* [What the exercise asks] Identify all lines in the data containing the string "PSBequivalent". Copy them out.

(Records from a collection)
== == ==

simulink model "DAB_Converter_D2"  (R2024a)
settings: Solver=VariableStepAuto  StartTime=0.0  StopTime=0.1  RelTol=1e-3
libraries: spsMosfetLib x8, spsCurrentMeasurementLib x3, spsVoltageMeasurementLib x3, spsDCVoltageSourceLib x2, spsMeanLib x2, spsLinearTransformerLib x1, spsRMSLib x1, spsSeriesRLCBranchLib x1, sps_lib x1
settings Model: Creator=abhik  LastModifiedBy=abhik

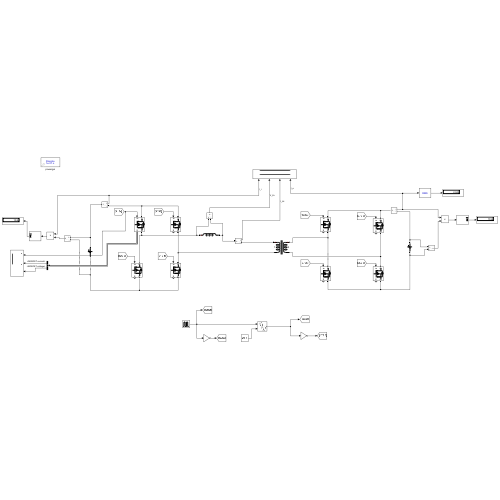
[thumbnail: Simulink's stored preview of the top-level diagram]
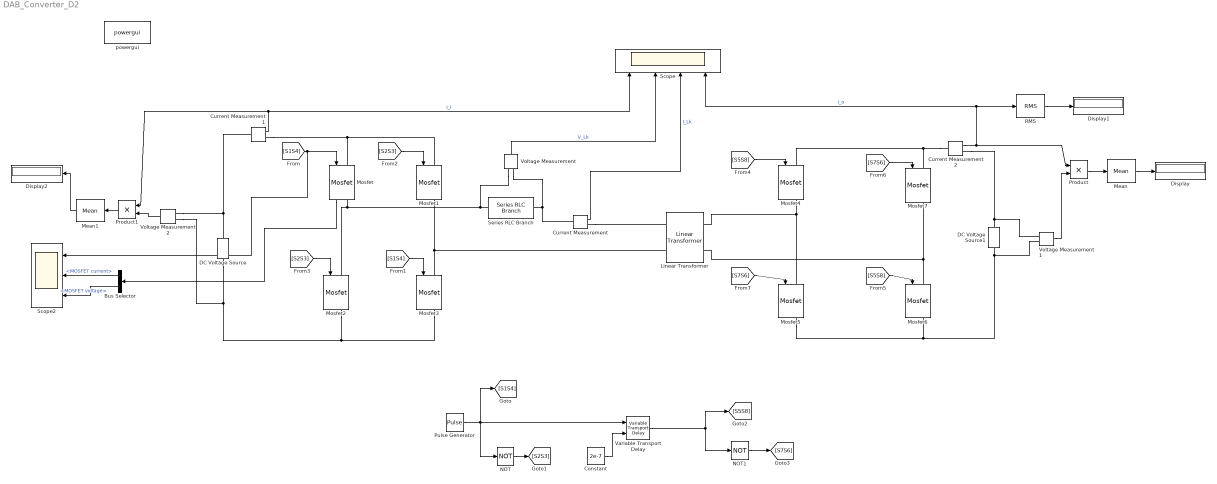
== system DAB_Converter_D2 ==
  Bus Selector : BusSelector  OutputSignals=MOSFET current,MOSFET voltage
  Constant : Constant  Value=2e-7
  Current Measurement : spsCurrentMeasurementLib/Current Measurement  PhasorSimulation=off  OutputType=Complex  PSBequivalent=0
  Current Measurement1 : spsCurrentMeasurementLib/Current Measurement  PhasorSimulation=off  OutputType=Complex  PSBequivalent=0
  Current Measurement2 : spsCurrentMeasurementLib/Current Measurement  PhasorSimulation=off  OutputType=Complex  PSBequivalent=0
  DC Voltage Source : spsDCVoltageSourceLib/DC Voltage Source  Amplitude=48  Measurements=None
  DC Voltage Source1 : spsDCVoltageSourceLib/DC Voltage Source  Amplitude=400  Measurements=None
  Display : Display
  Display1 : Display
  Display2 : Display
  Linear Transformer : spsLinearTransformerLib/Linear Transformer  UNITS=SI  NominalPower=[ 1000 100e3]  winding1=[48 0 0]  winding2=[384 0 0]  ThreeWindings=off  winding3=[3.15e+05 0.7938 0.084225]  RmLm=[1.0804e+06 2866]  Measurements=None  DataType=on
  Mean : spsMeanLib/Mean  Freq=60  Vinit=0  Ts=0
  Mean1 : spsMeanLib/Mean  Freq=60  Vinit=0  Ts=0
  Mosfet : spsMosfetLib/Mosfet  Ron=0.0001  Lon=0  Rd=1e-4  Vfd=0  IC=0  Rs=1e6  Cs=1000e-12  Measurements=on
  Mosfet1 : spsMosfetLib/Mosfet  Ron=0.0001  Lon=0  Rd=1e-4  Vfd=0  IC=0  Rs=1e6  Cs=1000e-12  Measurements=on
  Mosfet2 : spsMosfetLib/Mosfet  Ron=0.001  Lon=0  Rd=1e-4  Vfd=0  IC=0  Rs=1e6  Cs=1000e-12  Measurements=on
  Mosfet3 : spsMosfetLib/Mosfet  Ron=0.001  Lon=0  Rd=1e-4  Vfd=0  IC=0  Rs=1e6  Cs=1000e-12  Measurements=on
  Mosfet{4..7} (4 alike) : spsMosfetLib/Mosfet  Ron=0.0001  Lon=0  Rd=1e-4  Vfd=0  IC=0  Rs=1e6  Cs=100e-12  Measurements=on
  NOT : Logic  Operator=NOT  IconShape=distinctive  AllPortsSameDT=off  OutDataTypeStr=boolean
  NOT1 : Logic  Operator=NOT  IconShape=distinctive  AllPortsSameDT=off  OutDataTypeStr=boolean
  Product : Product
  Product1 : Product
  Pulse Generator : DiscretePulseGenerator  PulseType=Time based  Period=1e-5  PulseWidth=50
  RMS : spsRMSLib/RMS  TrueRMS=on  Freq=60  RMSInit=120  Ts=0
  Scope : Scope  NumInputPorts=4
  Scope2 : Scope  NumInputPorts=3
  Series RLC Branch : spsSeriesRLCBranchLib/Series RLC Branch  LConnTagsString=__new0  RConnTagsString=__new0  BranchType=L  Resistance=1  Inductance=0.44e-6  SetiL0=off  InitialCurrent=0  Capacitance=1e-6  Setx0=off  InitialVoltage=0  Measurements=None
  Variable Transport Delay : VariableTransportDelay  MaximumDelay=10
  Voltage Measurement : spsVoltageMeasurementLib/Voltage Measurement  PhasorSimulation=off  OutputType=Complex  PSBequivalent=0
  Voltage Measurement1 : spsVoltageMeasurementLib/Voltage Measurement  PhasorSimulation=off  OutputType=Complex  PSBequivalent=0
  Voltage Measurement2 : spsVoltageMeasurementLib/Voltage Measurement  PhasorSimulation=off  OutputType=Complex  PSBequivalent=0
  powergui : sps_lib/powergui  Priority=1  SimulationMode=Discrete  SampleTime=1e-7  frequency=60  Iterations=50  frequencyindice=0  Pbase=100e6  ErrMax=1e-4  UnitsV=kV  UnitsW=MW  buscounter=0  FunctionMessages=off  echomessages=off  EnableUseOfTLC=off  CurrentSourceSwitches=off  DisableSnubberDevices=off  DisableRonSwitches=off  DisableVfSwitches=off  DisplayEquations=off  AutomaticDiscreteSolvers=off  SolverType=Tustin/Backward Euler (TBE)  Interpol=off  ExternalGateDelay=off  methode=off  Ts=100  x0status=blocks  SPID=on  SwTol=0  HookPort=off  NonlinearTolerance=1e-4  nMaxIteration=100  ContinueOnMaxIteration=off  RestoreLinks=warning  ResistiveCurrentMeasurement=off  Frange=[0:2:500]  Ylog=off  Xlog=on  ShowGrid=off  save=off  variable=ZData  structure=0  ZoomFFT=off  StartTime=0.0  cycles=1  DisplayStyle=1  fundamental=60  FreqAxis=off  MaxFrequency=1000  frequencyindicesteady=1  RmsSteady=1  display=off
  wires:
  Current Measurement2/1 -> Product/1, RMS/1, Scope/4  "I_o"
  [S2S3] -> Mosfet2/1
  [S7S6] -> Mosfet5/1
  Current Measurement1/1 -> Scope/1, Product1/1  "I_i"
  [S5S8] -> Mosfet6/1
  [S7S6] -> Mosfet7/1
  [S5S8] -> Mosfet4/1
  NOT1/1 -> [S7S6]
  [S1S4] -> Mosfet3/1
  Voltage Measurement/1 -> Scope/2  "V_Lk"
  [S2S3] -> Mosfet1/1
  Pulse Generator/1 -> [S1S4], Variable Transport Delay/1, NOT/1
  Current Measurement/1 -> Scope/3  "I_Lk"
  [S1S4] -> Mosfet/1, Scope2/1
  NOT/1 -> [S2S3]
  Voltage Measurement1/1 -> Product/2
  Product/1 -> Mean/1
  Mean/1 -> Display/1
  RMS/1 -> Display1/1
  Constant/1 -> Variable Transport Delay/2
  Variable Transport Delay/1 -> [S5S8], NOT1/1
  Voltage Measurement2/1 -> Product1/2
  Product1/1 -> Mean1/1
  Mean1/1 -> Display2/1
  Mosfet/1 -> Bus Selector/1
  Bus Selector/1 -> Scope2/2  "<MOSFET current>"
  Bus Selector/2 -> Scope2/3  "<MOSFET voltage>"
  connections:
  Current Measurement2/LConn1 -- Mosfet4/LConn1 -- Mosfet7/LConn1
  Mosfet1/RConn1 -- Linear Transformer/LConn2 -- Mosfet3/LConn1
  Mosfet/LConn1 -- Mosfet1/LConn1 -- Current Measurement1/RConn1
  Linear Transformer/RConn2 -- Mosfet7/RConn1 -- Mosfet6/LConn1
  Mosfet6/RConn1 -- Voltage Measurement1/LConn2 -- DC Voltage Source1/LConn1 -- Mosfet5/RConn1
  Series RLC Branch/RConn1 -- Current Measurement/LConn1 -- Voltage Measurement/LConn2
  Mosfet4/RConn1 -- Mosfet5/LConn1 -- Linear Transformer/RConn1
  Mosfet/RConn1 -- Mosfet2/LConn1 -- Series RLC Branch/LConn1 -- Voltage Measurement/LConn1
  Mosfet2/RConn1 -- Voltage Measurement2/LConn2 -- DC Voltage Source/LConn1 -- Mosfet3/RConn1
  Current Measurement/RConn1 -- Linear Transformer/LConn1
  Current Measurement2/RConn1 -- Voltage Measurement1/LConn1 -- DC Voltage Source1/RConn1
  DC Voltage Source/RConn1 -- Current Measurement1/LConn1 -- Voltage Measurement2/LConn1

== == ==

* [Exercise answer]
  Current Measurement : spsCurrentMeasurementLib/Current Measurement  PhasorSimulation=off  OutputType=Complex  PSBequivalent=0
  Current Measurement1 : spsCurrentMeasurementLib/Current Measurement  PhasorSimulation=off  OutputType=Complex  PSBequivalent=0
  Current Measurement2 : spsCurrentMeasurementLib/Current Measurement  PhasorSimulation=off  OutputType=Complex  PSBequivalent=0
  Voltage Measurement : spsVoltageMeasurementLib/Voltage Measurement  PhasorSimulation=off  OutputType=Complex  PSBequivalent=0
  Voltage Measurement1 : spsVoltageMeasurementLib/Voltage Measurement  PhasorSimulation=off  OutputType=Complex  PSBequivalent=0
  Voltage Measurement2 : spsVoltageMeasurementLib/Voltage Measurement  PhasorSimulation=off  OutputType=Complex  PSBequivalent=0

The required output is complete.